INSTRUCTIONS TO FOLLOW
Of the lines listed below, return exactly those that run from the line containing "lines of L11 L58" through the line containing "normal blind 3.175", both included.

Data entries:
= = = = =

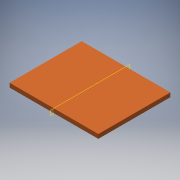
# Autodesk Inventor part: frontPlate
Saved by Autodesk Inventor 2016 SP1 (Build 200210100, 210)
## iProperties
Created: 2016-01-19
Part Number: frontPlate
Material: Wood (Walnut)
Document SubType Name: Modeling
Designer: steele
Density: 0.55 g/cm^3
Appearance: Walnut - Natural Polished
Author: steele
Autodesk Inventor part; units mm, degrees
ref_plane "XZ Plane" through (0, 0, 0) normal (0, 1, 0) x (-1, 0, 0)
ref_plane "XY Plane" through (0, 0, 0) normal (0, 0, 1) x (1, 0, 0)
sketch "Sketch1" plane through (0, 0, 0) normal (0, 1, 0) x (-1, 0, 0)
  line L0 (-203.2, 165.1) -> (-203.2, -165.1)
  line L1 (-203.2, -165.1) -> (203.2, -165.1)
  line L2 (203.2, -165.1) -> (203.2, 165.1)
  line L3 (203.2, 165.1) -> (-203.2, 165.1)
  line L4 (-203.2, 165.1) -> (203.2, -165.1) construction
  line L5 (-203.2, -165.1) -> (203.2, 165.1) construction
  point P0 (0, 0)
  dimension "d0" = 330.2
  dimension "d1" = 406.4
  constraints: 12 end point, 2 midpoint, 2 parallel, 1 perpendicular, 1 vertical
  measures "d0" distance of L1.end L2.end
  measures "d1" distance of L2.end L0.start
extrude "Extrusion1" add sketch "Sketch1" along normal blind 19.05
equation "\"d0\" = frontPlateLength"
equation "\"d1\" = frontPlateWidth"
equation "\"d2\" = frontPlateThickness"
equation "\"frontPlateWidth\" = 406.4"
equation "\"frontPlateLength\" = 330.2"
equation "\"frontPlateThickness\" = 19.05"
body "Solid1"
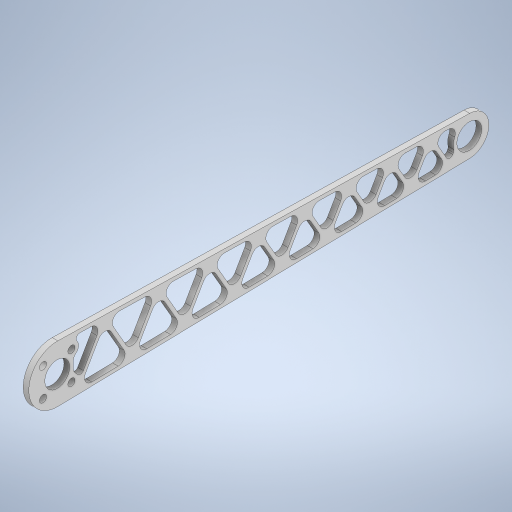
# Autodesk Inventor part: arm
Saved by Autodesk Inventor 2023 (Build 270158000, 158)
## iProperties
Created: 2022-09-10
Part Number: arm
Material: Generic
Document SubType Name: Modeling
Designer: deli
Density: 1 g/cm^3
Appearance: Default
Mass: 20.635 g
Surface Area: 151.802 cm^2
Volume: 20.635 cm^3
Author: deli
Autodesk Inventor part; units mm, degrees
ref_plane "YZ Plane" through (0, 0, 0) normal (1, 0, 0) x (0, 1, 0)
ref_plane "XZ Plane" through (0, 0, 0) normal (0, 1, 0) x (-1, 0, 0)
ref_plane "XY Plane" through (0, 0, 0) normal (0, 0, 1) x (1, 0, 0)
sketch "Sketch1" plane through (0, 0, 0) normal (1, 0, 0) x (0, 1, 0)
  circle A0 centre (62.068154, -4.109119) radius 2
  circle A1 centre (62.068154, -20.109119) radius 2
  circle A2 centre (46.068154, -20.109119) radius 2
  circle A3 centre (46.068154, -4.109119) radius 2
  line L0 (62.068154, -4.109119) -> (62.068154, -20.109119) construction
  line L1 (62.068154, -20.109119) -> (46.068154, -20.109119) construction
  line L2 (46.068154, -20.109119) -> (46.068154, -4.109119) construction
  line L3 (46.068154, -4.109119) -> (62.068154, -4.109119) construction
  circle A4 centre (54.068154, -12.109119) radius 7
  line L4 (62.068154, -4.109119) -> (46.068154, -20.109119) construction
  line L5 (62.068154, -20.109119) -> (46.068154, -4.109119) construction
  arc A5 (70.064438, -12.453946) -> (38.071871, -12.453946) centre (54.068154, -12.109119) ccw
  circle A6 centre (54.068154, -244.109119) radius 7
  line L6 (54.068154, -12.109119) -> (54.068154, -244.109119) construction
  arc A7 (43.070709, -244.346188) -> (65.065599, -244.346188) centre (54.068154, -244.109119) ccw
  line L7 (70.064438, -12.453946) -> (65.065599, -244.346188)
  line L8 (43.070709, -244.346188) -> (38.071871, -12.453946)
  line L9 (46.068154, -20.109119) -> (40.450729, -23.352341) construction
  line L10 (40.450729, -23.352341) -> (67.492484, -38.964905) construction
  line L11 (67.492484, -38.964905) -> (40.97387, -54.275434) construction
  line L12 (40.97387, -54.275434) -> (66.840508, -69.209545) construction
  line L13 (66.840508, -69.209545) -> (41.609816, -83.776492) construction
  line L14 (41.609816, -83.776492) -> (66.220197, -97.985302) construction
  line L15 (42.214877, -111.84478) -> (66.220197, -97.985302) construction
  line L16 (42.214877, -111.84478) -> (65.630012, -125.363515) construction
  line L17 (65.630012, -125.363515) -> (42.790551, -138.549883) construction
  line L18 (42.790551, -138.549883) -> (65.068491, -151.412058) construction
  line L19 (65.068491, -151.412058) -> (43.338268, -163.958008) construction
  line L20 (43.338268, -163.958008) -> (64.534241, -176.195509) construction
  line L21 (64.534241, -176.195509) -> (43.859383, -188.132144) construction
  line L22 (43.859383, -188.132144) -> (64.025937, -199.775309) construction
  line L23 (64.025937, -199.775309) -> (44.355189, -211.132221) construction
  line L24 (44.355189, -211.132221) -> (63.54232, -222.209916) construction
  line L25 (63.54232, -222.209916) -> (44.826916, -233.01526) construction
  line L26 (44.826916, -233.01526) -> (50.027004, -236.017532) construction
  line L27 (44.802331, -231.874754) -> (61.54232, -222.209916)
  line L28 (61.54232, -222.209916) -> (44.380395, -212.301473)
  line L29 (44.330604, -209.991715) -> (62.025937, -199.775309)
  line L30 (62.025937, -199.775309) -> (43.884588, -189.301396)
  line L31 (43.834797, -186.991637) -> (62.534241, -176.195509)
  line L32 (62.534241, -176.195509) -> (43.363473, -165.127261)
  line L33 (43.313682, -162.817502) -> (63.068491, -151.412058)
  line L34 (63.068491, -151.412058) -> (42.815757, -139.719136)
  line L35 (42.765966, -137.409377) -> (63.630012, -125.363515)
  line L36 (63.630012, -125.363515) -> (42.240082, -113.014033)
  line L37 (42.190291, -110.704274) -> (64.220197, -97.985302)
  line L38 (64.220197, -97.985302) -> (41.635021, -84.945744)
  line L39 (41.585231, -82.635985) -> (64.840508, -69.209545)
  line L40 (64.840508, -69.209545) -> (40.999075, -55.444687)
  line L41 (40.949284, -53.134928) -> (65.492484, -38.964905)
  line L42 (65.492484, -38.964905) -> (40.330666, -24.437723)
  line L43 (50.511319, -235.142451) -> (49.826916, -234.747311)
  line L44 (49.826916, -231.283209) -> (63.517115, -223.379169)
  line L45 (63.566906, -221.06941) -> (46.355189, -211.132221)
  line L46 (46.355189, -211.132221) -> (64.000732, -200.944562)
  line L47 (64.050523, -198.634803) -> (45.859383, -188.132144)
  line L48 (45.859383, -188.132144) -> (64.509035, -177.364762)
  line L49 (64.558826, -175.055003) -> (45.338268, -163.958008)
  line L50 (45.338268, -163.958008) -> (65.043286, -152.581311)
  line L51 (65.093076, -150.271552) -> (44.790551, -138.549883)
  line L52 (44.790551, -138.549883) -> (65.604807, -126.532767)
  line L53 (65.654598, -124.223009) -> (44.214877, -111.84478)
  line L54 (44.214877, -111.84478) -> (66.194992, -99.154554)
  line L55 (66.244783, -96.844796) -> (43.609816, -83.776492)
  line L56 (43.609816, -83.776492) -> (66.815303, -70.378797)
  line L57 (66.865094, -68.069039) -> (42.97387, -54.275434)
  line L58 (42.97387, -54.275434) -> (67.467279, -40.134158)
  line L59 (67.517069, -37.824399) -> (48.435104, -26.807421)
  arc A8 (48.312787, -23.419953) -> (49.941138, -21.109119) centre (46.068154, -20.109119) ccw
  arc A9 (63.066064, -244.303084) -> (51.976198, -235.355621) centre (54.068154, -244.109119) ccw
  arc A10 (67.796689, -24.853051) -> (64.554735, -23.242658) centre (65.797154, -24.809948) ccw
  line L60 (63.066064, -244.303084) -> (67.796689, -24.853051)
  arc A11 (58.194893, -21.109119) -> (64.554735, -23.242658) centre (62.068154, -20.109119) ccw
  line L61 (58.194893, -21.109119) -> (49.941138, -21.109119)
  line L62 (40.330666, -24.437723) -> (44.854331, -234.286992)
  arc A12 (48.312787, -23.419953) -> (48.435104, -26.807421) centre (49.435104, -25.07537) ccw
  arc A13 (49.826916, -231.283209) -> (49.826916, -234.747311) centre (50.826916, -233.01526) ccw
  arc A14 (50.511319, -235.142451) -> (51.976198, -235.355621) centre (51.511319, -233.4104) ccw
  point P0 (0, 0)
  dimension "d0" = 4
  dimension "d1" = 4
  dimension "d2" = 4
  dimension "d3" = 4
  dimension "d4" = 16
  dimension "d5" = 16
  dimension "d6" = 14
  dimension "d7" = 32
  dimension "d8" = 14
  dimension "d9" = 232
  dimension "d10" = 4
  dimension "d29" = 120
  dimension "d30" = 60
  dimension "d31" = 60
  dimension "d33" = 1
  dimension "d34" = 1
  dimension "d35" = 4
  dimension "d37" = 1
  dimension "d40" = 4
  dimension "d41" = 2
  dimension "d44" = 4
  dimension "d45" = 4
  dimension "d46" = 1
  dimension "d48" = 1
  dimension "d49" = 1
  dimension "d50" = 1
  dimension "d51" = 1
  dimension "d52" = 1
  dimension "d53" = 1
  dimension "d54" = 1
  dimension "d55" = 1
  dimension "d56" = 1
  dimension "d57" = 1
  dimension "d58" = 1
  dimension "d59" = 1
  dimension "d60" = 1
  dimension "d61" = 1
  dimension "d62" = 1
  dimension "d63" = 1
  dimension "d64" = 1
  dimension "d65" = 1
  dimension "d66" = 1
  dimension "d67" = 1
  dimension "d68" = 1
  dimension "d69" = 1
  dimension "d70" = 1
  dimension "d71" = 1
  dimension "d72" = 1
  dimension "d73" = 1
  dimension "d74" = 1
  dimension "d75" = 1
  dimension "d76" = 1
  dimension "d77" = 1
  dimension "d79" = 2
  dimension "d80" = 2
  constraints: 122 end point, 46 parallel, 18 point on circle, 15 centre point, 10 tangent, 3 coincident, 3 perpendicular, 2 vertical, 1 horizontal, 1 midpoint, 57 other
  measures "d0" diameter of A0
  measures "d1" diameter of A3
  measures "d2" diameter of A2
  measures "d3" diameter of A1
  measures "d4" distance of L0.start L0.end
  measures "d5" distance of L2.end L0.start
  measures "d6" diameter of A4
  measures "d7" diameter of A5
  measures "d8" diameter of A6
  measures "d9" distance of L6.start L6.end
  measures "d10" radial gap between concentric circles of A7 A6
  measures "d29" angle of L2 L9
  measures "d30" angle of L10 L9
  measures "d31" angle of L11 L10
  measures "d33" distance between parallel lines of L10 L42
  measures "d34" distance between parallel lines of L10 L59
  measures "d35" diameter of A10
  measures "d37" distance between parallel lines of L61 L1
  measures "d40" diameter of A12
  measures "d41" radial gap between concentric circles of A2 A8
  measures "d44" diameter of A13
  measures "d45" diameter of A14
  measures "d46" distance between parallel lines of L26 L43
  measures "d48" distance between parallel lines of L27 L25
  measures "d49" distance between parallel lines of L44 L25
  measures "d50" distance between parallel lines of L24 L45
  measures "d51" distance between parallel lines of L28 L24
  measures "d52" distance between parallel lines of L23 L46
  measures "d53" distance between parallel lines of L23 L29
  measures "d54" distance between parallel lines of L22 L47
  measures "d55" distance between parallel lines of L30 L22
  measures "d56" distance between parallel lines of L48 L21
  measures "d57" distance between parallel lines of L21 L31
  measures "d58" distance between parallel lines of L20 L49
  measures "d59" distance between parallel lines of L32 L20
  measures "d60" distance between parallel lines of L50 L19
  measures "d61" distance between parallel lines of L19 L33
  measures "d62" distance between parallel lines of L34 L18
  measures "d63" distance between parallel lines of L18 L51
  measures "d64" distance between parallel lines of L52 L17
  measures "d65" distance between parallel lines of L17 L35
  measures "d66" distance between parallel lines of L36 L16
  measures "d67" distance between parallel lines of L16 L53
  measures "d68" distance between parallel lines of L54 L15
  measures "d69" distance between parallel lines of L15 L37
  measures "d70" distance between parallel lines of L38 L14
  measures "d71" distance between parallel lines of L14 L55
  measures "d72" distance between parallel lines of L56 L13
  measures "d73" distance between parallel lines of L13 L39
  measures "d74" distance between parallel lines of L40 L12
  measures "d75" distance between parallel lines of L12 L57
  measures "d76" distance between parallel lines of L11 L58
  measures "d77" distance between parallel lines of L11 L41
extrude "Extrusion1" add sketch "Sketch1" along normal blind 3.175
fillet "Fillet1" radius 4 50 edges at (1.5875, 49.9411, -21.1091) (1.5875, 67.5171, -37.8244) (1.5875, 65.4925, -38.9649) (1.5875, 67.4673, -40.1342) (1.5875, 42.9739, -54.2754) (1.5875, 40.9493, -53.1349) (1.5875, 40.3307, -24.4377) (1.5875, 58.1949, -21.1091) (1.5875, 66.8651, -68.069) (1.5875, 66.8153, -70.3788) (1.5875, 64.8405, -69.2095) (1.5875, 40.9991, -55.4447) (1.5875, 41.5852, -82.636) (1.5875, 43.6098, -83.7765) (1.5875, 41.635, -84.9457) (1.5875, 66.2448, -96.8448) (1.5875, 64.2202, -97.9853) (1.5875, 66.195, -99.1546) (1.5875, 42.1903, -110.7043) (1.5875, 44.2149, -111.8448) (1.5875, 42.2401, -113.014) (1.5875, 63.63, -125.3635) (1.5875, 65.6546, -124.223) (1.5875, 65.6048, -126.5328) (1.5875, 42.766, -137.4094) (1.5875, 44.7906, -138.5499) (1.5875, 42.8158, -139.7191) (1.5875, 65.0931, -150.2716) (1.5875, 63.0685, -151.4121) (1.5875, 65.0433, -152.5813) (1.5875, 43.3137, -162.8175) (1.5875, 43.3635, -165.1273) (1.5875, 45.3383, -163.958) (1.5875, 64.5588, -175.055) (1.5875, 62.5342, -176.1955) (1.5875, 64.509, -177.3648) (1.5875, 43.8348, -186.9916) (1.5875, 45.8594, -188.1321) (1.5875, 43.8846, -189.3014) (1.5875, 64.0505, -198.6348) (1.5875, 62.0259, -199.7753) (1.5875, 64.0007, -200.9446) (1.5875, 44.3306, -209.9917) (1.5875, 44.3804, -212.3015) (1.5875, 46.3552, -211.1322) (1.5875, 63.5669, -221.0694) (1.5875, 61.5423, -222.2099) (1.5875, 63.5171, -223.3792) (1.5875, 44.8023, -231.8748) (1.5875, 63.0661, -244.3031)
equation "\"d1\" = d0"
equation "\"d2\" = d0"
equation "\"d3\" = d0"
equation "\"d31\" = d30"
body "Solid1"

= = = = =

ANSWER BOX
  measures "d76" distance between parallel lines of L11 L58
  measures "d77" distance between parallel lines of L11 L41
extrude "Extrusion1" add sketch "Sketch1" along normal blind 3.175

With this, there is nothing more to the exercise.